Here is an example. Each entry in the column contains ‘symbol data price’ and I would like to split off the price (and eventually remove the “p”… or “c” in half the cases).
import pandas as pd
temp = pd.DataFrame({'ticker' : ['spx 5/25/2001 p500', 'spx 5/25/2001 p600', 'spx 5/25/2001 p700']})
temp2 = temp.ticker.str.split(' ')
which yields
0 ['spx', '5/25/2001', 'p500']
1 ['spx', '5/25/2001', 'p600']
2 ['spx', '5/25/2001', 'p700']
But temp2[0]
just gives one list entry’s array and temp2[:][-1]
fails. How can I convert the last entry in each array to a new column? Thanks!
You could use the tolist
method as an intermediary:
In [99]: import pandas as pd
In [100]: d1 = pd.DataFrame({'ticker' : ['spx 5/25/2001 p500', 'spx 5/25/2001 p600', 'spx 5/25/2001 p700']})
In [101]: d1.ticker.str.split().tolist()
Out[101]:
[['spx', '5/25/2001', 'p500'],
['spx', '5/25/2001', 'p600'],
['spx', '5/25/2001', 'p700']]
From which you could make a new DataFrame:
In [102]: d2 = pd.DataFrame(d1.ticker.str.split().tolist(),
.....: columns="symbol date price".split())
In [103]: d2
Out[103]:
symbol date price
0 spx 5/25/2001 p500
1 spx 5/25/2001 p600
2 spx 5/25/2001 p700
For good measure, you could fix the price:
In [104]: d2["price"] = d2["price"].str.replace("p","").astype(float)
In [105]: d2
Out[105]:
symbol date price
0 spx 5/25/2001 500
1 spx 5/25/2001 600
2 spx 5/25/2001 700
PS: but if you really just want the last column, apply
would suffice:
In [113]: temp2.apply(lambda x: x[2])
Out[113]:
0 p500
1 p600
2 p700
Name: ticker
Do this:
In [43]: temp2.str[-1]
Out[43]:
0 p500
1 p600
2 p700
Name: ticker
So all together it would be:
>>> temp = pd.DataFrame({'ticker' : ['spx 5/25/2001 p500', 'spx 5/25/2001 p600', 'spx 5/25/2001 p700']})
>>> temp['ticker'].str.split(' ').str[-1]
0 p500
1 p600
2 p700
Name: ticker, dtype: object
https://pandas.pydata.org/pandas-docs/stable/text.html
s2 = pd.Series(['a_b_c', 'c_d_e', np.nan, 'f_g_h'])

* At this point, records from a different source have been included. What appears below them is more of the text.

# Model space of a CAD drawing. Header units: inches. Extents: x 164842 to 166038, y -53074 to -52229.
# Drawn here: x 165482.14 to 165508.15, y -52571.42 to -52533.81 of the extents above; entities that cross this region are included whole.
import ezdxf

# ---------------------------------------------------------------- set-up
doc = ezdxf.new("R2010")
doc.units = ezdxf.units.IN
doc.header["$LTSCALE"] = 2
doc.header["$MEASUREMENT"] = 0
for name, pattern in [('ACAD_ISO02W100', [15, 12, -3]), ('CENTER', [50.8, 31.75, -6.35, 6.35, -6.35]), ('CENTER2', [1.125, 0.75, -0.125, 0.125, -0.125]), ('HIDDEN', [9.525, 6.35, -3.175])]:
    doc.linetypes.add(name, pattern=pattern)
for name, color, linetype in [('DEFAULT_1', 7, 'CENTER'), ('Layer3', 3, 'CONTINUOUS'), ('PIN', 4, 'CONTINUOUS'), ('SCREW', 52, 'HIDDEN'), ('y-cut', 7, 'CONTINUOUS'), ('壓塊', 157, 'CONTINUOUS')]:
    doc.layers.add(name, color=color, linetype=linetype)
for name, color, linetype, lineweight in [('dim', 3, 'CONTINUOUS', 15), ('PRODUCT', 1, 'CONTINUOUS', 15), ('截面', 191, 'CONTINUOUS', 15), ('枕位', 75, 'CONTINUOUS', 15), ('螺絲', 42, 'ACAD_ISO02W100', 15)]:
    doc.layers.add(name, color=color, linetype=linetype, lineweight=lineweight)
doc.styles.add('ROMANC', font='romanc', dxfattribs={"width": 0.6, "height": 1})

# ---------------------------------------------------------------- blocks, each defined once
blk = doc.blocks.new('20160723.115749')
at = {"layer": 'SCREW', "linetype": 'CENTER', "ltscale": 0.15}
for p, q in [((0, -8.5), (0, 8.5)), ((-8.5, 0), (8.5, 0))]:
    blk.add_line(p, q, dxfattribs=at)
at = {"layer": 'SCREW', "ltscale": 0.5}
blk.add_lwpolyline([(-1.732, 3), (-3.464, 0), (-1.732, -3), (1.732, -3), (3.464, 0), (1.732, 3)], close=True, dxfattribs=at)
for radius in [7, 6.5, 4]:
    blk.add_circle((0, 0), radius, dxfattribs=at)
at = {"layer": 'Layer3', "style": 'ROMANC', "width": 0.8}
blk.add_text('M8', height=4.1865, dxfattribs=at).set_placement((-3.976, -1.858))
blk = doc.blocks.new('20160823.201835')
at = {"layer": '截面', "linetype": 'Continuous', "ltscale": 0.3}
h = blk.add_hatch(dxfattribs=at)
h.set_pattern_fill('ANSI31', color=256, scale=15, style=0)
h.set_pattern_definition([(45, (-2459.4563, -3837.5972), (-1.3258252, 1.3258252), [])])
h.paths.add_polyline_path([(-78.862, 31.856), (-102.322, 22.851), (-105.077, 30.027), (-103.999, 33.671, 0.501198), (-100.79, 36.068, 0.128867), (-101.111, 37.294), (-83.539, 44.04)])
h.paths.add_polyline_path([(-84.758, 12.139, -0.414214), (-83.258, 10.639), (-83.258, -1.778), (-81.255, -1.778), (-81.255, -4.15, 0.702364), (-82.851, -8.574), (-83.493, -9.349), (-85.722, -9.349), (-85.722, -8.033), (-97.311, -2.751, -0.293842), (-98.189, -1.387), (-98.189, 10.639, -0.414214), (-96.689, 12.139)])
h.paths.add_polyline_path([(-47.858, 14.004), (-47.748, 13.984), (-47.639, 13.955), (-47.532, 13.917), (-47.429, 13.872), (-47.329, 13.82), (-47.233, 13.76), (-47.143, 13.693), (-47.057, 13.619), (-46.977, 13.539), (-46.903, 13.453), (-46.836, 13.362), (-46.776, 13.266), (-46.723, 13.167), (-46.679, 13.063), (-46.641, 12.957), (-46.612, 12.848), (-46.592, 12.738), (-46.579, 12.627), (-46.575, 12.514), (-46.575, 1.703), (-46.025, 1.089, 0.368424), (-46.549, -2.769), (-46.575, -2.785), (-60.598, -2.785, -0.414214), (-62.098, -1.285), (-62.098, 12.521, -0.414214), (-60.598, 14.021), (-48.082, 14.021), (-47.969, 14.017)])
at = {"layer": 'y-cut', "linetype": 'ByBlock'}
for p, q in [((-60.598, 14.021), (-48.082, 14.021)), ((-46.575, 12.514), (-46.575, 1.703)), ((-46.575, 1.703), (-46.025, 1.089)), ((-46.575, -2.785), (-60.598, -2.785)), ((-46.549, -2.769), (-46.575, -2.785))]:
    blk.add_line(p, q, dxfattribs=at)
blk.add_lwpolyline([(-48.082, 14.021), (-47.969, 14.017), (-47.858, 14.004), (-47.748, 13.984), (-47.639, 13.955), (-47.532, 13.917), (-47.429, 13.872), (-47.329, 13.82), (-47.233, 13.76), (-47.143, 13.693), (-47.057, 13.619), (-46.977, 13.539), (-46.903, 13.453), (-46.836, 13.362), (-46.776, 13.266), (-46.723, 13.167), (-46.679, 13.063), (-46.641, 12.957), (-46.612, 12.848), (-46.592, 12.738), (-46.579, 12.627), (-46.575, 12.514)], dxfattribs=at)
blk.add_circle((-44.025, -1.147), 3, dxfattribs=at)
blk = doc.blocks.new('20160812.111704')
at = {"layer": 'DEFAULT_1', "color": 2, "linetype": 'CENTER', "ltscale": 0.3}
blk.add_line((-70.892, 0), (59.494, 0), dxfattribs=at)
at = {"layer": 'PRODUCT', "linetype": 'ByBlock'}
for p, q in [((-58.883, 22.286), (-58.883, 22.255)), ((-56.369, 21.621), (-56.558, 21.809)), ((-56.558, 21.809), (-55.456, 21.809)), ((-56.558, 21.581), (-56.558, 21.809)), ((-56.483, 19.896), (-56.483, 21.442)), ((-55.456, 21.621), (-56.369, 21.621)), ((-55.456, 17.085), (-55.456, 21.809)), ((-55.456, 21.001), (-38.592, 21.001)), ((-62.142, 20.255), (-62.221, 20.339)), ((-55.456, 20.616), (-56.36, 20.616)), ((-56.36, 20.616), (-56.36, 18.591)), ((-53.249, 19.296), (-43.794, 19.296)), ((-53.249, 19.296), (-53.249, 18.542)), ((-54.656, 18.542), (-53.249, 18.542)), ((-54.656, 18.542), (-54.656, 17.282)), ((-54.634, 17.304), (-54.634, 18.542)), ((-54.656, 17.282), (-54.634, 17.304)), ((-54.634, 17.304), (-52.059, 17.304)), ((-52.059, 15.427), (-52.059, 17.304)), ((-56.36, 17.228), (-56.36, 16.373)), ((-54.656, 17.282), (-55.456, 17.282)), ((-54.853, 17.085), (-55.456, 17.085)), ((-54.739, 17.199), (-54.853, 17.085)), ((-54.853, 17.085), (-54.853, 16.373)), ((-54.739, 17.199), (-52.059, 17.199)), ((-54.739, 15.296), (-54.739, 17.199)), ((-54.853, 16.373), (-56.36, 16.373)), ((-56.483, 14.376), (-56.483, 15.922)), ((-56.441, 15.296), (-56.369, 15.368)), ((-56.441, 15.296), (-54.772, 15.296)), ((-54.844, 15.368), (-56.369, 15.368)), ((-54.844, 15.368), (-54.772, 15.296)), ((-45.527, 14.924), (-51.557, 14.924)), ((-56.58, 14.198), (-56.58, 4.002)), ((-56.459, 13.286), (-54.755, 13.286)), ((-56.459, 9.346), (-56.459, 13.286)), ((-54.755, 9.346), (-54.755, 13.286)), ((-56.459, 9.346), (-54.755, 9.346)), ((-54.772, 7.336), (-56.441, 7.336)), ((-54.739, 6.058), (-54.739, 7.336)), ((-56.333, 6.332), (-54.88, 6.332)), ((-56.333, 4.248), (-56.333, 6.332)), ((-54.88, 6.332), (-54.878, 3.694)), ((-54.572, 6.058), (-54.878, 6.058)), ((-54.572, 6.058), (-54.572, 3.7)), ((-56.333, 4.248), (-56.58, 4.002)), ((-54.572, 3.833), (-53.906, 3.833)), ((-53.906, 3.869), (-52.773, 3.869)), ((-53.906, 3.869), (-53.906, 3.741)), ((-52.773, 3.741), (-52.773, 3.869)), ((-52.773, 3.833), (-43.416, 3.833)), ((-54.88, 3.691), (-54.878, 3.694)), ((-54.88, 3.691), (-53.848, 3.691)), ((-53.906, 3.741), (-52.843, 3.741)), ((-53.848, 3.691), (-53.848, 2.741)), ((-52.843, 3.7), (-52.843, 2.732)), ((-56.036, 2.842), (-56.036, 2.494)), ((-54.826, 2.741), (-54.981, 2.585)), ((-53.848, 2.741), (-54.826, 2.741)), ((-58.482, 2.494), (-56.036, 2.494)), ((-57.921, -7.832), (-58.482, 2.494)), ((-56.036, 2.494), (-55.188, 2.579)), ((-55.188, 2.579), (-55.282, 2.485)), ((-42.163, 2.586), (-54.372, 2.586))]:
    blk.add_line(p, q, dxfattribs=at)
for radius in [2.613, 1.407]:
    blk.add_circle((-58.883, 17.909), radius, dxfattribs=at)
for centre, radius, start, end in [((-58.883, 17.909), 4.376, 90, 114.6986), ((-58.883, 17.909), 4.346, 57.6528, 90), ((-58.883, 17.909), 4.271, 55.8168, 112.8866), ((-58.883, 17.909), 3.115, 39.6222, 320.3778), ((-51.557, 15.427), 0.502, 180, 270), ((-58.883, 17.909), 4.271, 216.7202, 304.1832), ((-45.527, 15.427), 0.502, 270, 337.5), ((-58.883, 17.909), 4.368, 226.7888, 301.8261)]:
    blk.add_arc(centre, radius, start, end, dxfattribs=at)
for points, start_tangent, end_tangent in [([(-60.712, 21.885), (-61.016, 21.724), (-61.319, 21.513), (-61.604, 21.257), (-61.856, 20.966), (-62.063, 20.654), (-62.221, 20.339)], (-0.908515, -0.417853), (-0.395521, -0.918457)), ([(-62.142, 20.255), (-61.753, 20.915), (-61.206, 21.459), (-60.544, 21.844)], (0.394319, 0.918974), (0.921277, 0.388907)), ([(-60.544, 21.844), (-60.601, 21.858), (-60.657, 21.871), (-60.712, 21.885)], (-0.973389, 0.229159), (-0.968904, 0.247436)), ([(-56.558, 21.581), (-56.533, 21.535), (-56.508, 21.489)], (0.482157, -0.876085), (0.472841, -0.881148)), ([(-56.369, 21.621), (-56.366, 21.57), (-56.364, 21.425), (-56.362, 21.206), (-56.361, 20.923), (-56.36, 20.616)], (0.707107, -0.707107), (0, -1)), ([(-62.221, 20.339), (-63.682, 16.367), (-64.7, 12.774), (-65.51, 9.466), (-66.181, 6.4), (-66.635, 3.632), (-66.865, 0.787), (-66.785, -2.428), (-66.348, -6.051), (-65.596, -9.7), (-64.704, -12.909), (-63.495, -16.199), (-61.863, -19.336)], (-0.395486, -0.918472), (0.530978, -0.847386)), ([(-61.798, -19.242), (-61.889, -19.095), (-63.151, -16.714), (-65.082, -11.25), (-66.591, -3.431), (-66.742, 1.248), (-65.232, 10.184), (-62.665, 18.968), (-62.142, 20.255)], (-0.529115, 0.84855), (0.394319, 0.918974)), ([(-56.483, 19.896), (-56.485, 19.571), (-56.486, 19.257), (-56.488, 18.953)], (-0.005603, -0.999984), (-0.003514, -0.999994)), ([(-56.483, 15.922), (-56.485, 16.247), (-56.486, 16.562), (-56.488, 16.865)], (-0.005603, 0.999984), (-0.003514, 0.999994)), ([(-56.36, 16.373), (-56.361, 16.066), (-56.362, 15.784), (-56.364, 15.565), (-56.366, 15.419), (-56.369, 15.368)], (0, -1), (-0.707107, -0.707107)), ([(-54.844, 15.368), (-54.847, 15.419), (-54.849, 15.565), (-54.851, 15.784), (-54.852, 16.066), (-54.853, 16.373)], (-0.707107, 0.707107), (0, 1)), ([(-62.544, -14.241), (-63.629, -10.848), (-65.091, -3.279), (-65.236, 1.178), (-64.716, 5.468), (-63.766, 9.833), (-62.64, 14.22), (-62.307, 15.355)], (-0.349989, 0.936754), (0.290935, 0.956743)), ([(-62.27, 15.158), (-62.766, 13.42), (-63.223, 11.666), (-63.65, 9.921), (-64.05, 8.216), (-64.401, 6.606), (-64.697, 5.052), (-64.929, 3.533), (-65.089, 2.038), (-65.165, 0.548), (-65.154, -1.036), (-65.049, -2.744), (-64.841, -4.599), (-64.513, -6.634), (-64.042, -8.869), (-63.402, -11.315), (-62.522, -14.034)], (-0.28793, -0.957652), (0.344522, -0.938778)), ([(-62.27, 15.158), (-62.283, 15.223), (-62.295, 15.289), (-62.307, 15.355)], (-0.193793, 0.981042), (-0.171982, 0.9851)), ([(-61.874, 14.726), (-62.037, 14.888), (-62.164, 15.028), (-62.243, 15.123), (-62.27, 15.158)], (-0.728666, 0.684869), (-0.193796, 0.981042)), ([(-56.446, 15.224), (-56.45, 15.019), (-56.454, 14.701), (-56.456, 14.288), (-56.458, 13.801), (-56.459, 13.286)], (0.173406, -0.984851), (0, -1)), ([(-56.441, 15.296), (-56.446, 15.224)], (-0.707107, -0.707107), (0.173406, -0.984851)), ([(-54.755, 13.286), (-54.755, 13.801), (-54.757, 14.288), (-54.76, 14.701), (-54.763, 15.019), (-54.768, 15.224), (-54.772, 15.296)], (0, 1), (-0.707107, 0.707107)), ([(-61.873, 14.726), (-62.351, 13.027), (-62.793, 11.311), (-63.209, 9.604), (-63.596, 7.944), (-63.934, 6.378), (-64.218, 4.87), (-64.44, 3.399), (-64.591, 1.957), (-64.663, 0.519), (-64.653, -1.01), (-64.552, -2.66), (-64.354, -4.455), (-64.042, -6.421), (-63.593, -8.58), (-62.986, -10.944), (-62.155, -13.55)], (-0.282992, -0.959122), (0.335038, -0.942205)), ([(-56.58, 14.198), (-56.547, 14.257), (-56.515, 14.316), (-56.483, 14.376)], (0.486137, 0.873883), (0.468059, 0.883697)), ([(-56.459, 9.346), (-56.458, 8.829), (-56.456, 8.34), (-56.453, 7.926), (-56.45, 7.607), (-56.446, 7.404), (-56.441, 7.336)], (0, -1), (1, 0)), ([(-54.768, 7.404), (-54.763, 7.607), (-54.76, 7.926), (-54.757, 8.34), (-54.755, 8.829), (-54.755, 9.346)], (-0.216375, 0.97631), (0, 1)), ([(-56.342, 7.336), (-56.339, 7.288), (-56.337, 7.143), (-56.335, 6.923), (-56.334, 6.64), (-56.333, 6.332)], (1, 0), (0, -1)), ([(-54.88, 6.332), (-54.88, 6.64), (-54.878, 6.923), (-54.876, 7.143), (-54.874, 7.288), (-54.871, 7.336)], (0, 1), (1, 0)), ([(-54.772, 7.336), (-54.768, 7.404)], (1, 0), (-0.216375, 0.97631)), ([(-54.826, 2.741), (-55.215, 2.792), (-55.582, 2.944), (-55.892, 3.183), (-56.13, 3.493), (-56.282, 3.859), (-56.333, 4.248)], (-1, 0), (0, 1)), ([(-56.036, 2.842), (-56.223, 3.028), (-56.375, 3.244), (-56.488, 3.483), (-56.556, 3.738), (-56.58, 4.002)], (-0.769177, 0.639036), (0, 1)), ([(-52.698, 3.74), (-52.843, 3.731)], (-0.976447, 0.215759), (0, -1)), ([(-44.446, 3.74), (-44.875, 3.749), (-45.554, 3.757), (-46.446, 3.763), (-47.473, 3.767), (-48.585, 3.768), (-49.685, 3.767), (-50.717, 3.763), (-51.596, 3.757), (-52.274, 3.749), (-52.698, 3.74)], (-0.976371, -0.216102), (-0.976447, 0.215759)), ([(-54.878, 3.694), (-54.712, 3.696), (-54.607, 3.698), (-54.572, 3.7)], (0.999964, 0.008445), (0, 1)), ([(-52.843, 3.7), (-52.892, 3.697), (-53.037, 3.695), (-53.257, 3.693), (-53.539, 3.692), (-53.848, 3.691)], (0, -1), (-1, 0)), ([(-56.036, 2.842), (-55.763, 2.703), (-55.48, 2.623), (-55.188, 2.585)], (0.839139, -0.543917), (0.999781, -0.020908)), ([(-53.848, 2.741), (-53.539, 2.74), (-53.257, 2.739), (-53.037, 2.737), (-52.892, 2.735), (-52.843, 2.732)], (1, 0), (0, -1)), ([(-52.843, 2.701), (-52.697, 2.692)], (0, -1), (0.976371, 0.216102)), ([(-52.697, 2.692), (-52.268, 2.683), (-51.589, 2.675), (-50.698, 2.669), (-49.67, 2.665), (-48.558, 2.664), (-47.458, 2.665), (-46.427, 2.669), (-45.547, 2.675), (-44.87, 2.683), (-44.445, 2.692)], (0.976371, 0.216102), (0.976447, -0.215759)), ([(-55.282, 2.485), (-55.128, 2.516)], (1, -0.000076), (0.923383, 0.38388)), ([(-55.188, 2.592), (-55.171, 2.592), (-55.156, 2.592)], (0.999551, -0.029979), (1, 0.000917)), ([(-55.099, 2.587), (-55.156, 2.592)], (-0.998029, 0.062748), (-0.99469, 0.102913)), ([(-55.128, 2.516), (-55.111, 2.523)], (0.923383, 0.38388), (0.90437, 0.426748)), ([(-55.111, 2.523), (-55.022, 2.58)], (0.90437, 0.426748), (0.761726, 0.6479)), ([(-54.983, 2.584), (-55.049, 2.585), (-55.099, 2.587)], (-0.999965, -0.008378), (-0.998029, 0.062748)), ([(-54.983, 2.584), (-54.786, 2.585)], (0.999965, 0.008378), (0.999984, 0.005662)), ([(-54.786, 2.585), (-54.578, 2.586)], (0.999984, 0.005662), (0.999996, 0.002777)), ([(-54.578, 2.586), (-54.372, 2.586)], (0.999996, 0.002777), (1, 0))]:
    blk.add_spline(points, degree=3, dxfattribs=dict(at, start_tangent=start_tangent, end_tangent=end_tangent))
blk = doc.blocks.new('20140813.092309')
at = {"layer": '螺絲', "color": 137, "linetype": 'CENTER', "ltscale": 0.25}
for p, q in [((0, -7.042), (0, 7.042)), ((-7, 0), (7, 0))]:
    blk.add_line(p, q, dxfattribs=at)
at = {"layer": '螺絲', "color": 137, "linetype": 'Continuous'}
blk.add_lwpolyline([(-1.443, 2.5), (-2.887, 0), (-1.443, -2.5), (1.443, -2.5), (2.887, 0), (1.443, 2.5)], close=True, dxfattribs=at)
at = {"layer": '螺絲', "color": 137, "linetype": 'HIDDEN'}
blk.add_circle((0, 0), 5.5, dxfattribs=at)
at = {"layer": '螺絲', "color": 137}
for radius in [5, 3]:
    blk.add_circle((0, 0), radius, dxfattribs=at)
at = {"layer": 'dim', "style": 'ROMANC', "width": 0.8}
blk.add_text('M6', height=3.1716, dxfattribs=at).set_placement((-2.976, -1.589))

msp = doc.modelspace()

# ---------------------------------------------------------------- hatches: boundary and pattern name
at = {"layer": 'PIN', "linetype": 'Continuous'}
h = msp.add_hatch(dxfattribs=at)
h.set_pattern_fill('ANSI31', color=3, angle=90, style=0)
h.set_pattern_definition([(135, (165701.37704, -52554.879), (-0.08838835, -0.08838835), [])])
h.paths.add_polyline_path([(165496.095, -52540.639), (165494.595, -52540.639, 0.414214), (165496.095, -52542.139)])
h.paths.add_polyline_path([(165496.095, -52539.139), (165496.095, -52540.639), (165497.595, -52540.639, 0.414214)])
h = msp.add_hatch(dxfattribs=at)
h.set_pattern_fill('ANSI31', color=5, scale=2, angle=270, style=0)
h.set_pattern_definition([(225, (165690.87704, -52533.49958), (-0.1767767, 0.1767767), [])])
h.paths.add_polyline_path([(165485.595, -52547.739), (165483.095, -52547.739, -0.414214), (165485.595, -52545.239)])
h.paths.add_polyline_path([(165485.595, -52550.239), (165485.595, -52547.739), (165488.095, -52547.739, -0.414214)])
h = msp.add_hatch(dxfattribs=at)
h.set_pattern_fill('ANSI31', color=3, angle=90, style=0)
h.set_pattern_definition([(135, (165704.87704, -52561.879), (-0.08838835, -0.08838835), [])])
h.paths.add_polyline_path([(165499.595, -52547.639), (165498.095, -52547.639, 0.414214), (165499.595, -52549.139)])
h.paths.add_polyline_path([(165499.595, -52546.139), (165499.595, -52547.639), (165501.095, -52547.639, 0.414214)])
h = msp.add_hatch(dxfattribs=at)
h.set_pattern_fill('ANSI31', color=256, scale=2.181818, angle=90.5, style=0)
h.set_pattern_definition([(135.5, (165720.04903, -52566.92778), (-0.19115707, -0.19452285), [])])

s2.str.split('_').str.get(1)
or
s2.str.split('_').str[1]
Using Pandas 0.20.3:
In [10]: import pandas as pd
...: temp = pd.DataFrame({'ticker' : ['spx 5/25/2001 p500', 'spx 5/25/2001 p600', 'spx 5/25/2001 p700']})
...:
In [11]: temp2 = temp.ticker.str.split(' ', expand=True) # the expand=True return a DataFrame
In [12]: temp2
Out[12]:
0 1 2
0 spx 5/25/2001 p500
1 spx 5/25/2001 p600
2 spx 5/25/2001 p700
In [13]: temp3 = temp.join(temp2[2])
In [14]: temp3
Out[14]:
ticker 2
0 spx 5/25/2001 p500 p500
1 spx 5/25/2001 p600 p600
2 spx 5/25/2001 p700 p700
If you are looking for a one-liner (like I came here for), this should do nicely:
temp2 = temp.ticker.str.split(' ', expand = True)[-1]
You can also trivially modify this answer to assign this column back to the original DataFrame as follows:
temp['last_split'] = temp.ticker.str.split(' ', expand = True)[-1]
Which I imagine is a popular use case here.